-- EXCERPTED RECORDS follows --

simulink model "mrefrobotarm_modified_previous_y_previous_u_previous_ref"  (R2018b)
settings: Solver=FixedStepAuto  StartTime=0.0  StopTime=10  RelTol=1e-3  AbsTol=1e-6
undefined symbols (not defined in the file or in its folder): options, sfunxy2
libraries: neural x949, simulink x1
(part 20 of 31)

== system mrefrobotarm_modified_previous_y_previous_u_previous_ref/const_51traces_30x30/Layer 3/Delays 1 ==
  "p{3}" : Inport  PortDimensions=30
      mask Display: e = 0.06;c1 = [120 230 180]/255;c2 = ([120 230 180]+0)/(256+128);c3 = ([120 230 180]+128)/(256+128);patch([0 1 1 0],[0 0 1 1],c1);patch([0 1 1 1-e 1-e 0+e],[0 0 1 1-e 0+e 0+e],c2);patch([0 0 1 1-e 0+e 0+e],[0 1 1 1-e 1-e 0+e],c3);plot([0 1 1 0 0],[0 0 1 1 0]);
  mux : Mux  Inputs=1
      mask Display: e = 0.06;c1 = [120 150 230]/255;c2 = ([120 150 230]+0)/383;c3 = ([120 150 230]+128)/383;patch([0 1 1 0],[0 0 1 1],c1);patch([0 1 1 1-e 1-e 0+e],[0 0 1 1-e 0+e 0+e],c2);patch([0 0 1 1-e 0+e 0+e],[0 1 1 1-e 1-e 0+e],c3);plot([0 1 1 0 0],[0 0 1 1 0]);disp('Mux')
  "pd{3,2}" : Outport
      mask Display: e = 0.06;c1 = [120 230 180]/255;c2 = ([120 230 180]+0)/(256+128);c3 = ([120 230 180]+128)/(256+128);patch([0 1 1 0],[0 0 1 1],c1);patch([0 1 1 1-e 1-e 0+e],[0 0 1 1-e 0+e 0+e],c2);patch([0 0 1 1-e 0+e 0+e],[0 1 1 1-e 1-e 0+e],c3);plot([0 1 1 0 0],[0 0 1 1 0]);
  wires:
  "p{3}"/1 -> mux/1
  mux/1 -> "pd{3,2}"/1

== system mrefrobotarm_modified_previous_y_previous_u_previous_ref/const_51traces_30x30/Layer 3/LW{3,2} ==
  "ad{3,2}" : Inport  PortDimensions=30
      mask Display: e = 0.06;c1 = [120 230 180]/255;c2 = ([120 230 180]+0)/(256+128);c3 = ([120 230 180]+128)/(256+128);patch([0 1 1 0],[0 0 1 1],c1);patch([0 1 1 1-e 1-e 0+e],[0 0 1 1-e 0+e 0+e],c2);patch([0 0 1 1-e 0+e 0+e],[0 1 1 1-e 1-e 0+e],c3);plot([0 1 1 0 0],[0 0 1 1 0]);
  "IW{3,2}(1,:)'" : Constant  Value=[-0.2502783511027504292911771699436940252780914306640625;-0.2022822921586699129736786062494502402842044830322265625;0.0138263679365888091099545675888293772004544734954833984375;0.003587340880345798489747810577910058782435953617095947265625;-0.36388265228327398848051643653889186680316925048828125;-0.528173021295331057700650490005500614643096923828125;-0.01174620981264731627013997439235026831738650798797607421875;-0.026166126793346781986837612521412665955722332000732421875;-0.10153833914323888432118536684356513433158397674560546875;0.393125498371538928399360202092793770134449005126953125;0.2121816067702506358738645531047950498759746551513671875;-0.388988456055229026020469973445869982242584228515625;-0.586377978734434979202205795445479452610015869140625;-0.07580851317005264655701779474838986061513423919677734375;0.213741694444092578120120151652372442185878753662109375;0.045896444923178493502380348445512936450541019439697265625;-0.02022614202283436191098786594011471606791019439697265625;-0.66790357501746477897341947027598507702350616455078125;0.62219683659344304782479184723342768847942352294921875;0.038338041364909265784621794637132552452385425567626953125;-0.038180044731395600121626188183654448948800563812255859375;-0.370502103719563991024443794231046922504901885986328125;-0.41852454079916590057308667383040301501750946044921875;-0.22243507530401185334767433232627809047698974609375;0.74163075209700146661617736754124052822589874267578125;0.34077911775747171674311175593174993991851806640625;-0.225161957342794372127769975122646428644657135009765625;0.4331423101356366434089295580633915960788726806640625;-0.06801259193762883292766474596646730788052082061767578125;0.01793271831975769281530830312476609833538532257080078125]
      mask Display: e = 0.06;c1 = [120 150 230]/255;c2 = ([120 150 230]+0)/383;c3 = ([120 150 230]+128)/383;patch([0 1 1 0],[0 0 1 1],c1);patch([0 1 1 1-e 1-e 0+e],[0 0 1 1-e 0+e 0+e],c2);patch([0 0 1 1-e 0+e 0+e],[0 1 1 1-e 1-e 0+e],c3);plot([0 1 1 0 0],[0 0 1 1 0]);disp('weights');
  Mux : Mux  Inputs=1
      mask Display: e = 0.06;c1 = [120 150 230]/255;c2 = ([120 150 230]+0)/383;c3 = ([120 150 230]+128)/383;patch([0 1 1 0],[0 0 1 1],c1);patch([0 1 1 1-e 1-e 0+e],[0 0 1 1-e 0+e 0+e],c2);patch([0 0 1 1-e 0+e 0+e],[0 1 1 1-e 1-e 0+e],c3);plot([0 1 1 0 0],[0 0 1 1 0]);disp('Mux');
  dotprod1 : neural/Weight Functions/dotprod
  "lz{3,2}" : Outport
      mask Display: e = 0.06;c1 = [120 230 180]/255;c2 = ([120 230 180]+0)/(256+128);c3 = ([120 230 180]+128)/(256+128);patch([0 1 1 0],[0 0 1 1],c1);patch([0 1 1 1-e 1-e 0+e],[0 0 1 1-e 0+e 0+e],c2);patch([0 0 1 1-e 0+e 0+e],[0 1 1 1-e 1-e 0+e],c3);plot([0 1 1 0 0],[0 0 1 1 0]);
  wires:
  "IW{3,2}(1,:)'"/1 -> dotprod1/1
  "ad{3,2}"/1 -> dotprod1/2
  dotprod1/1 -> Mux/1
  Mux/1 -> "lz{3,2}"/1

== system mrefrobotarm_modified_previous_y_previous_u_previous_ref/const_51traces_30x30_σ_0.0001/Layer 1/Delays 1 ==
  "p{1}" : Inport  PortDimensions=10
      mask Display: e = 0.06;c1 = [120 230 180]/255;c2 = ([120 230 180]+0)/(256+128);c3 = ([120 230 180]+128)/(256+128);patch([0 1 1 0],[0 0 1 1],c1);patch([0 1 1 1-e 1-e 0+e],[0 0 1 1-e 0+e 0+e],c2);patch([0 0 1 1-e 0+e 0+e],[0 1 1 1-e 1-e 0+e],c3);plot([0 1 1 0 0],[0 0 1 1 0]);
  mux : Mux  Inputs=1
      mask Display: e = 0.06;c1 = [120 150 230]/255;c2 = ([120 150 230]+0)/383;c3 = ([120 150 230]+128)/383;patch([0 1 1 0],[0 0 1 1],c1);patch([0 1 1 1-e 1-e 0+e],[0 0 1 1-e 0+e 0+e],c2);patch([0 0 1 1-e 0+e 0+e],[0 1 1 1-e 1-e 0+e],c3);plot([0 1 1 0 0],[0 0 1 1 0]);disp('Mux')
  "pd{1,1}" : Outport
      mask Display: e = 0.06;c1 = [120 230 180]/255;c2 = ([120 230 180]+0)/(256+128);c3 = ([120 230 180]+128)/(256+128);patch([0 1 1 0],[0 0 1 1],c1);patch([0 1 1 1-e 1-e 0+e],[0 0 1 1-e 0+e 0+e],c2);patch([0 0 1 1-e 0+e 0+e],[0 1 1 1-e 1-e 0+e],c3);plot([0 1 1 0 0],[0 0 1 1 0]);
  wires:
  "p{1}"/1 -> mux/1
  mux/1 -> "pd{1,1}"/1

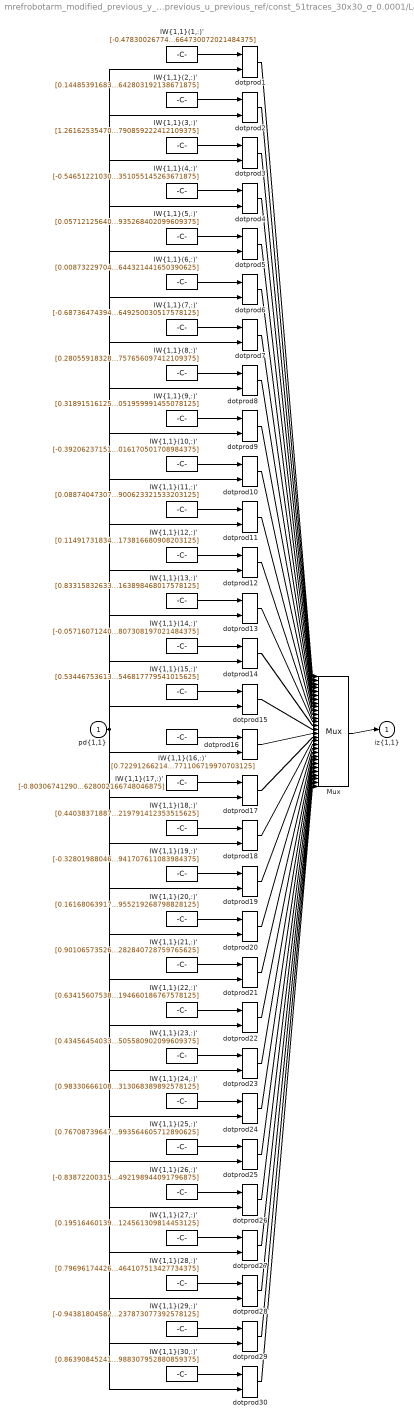
== system mrefrobotarm_modified_previous_y_previous_u_previous_ref/const_51traces_30x30_σ_0.0001/Layer 1/IW{1,1} ==
  "pd{1,1}" : Inport  PortDimensions=10
      mask Display: e = 0.06;c1 = [120 230 180]/255;c2 = ([120 230 180]+0)/(256+128);c3 = ([120 230 180]+128)/(256+128);patch([0 1 1 0],[0 0 1 1],c1);patch([0 1 1 1-e 1-e 0+e],[0 0 1 1-e 0+e 0+e],c2);patch([0 0 1 1-e 0+e 0+e],[0 1 1 1-e 1-e 0+e],c3);plot([0 1 1 0 0],[0 0 1 1 0]);
  "IW{1,1}(1,:)'" : Constant  Value=[-0.4783002677481109632395828157314099371433258056640625;0.225797734006052908117823108113952912390232086181640625;0.0619071299893831639149510692732292227447032928466796875;-0.1305707129982882352958739602399873547255992889404296875;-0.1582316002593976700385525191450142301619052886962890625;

-- EXCERPTED RECORDS concluded --

The lines to copy are those above that contain the string "Layer".

§ **RESPONSE AREA**
== system mrefrobotarm_modified_previous_y_previous_u_previous_ref/const_51traces_30x30/Layer 3/Delays 1 ==
== system mrefrobotarm_modified_previous_y_previous_u_previous_ref/const_51traces_30x30/Layer 3/LW{3,2} ==
== system mrefrobotarm_modified_previous_y_previous_u_previous_ref/const_51traces_30x30_σ_0.0001/Layer 1/Delays 1 ==
== system mrefrobotarm_modified_previous_y_previous_u_previous_ref/const_51traces_30x30_σ_0.0001/Layer 1/IW{1,1} ==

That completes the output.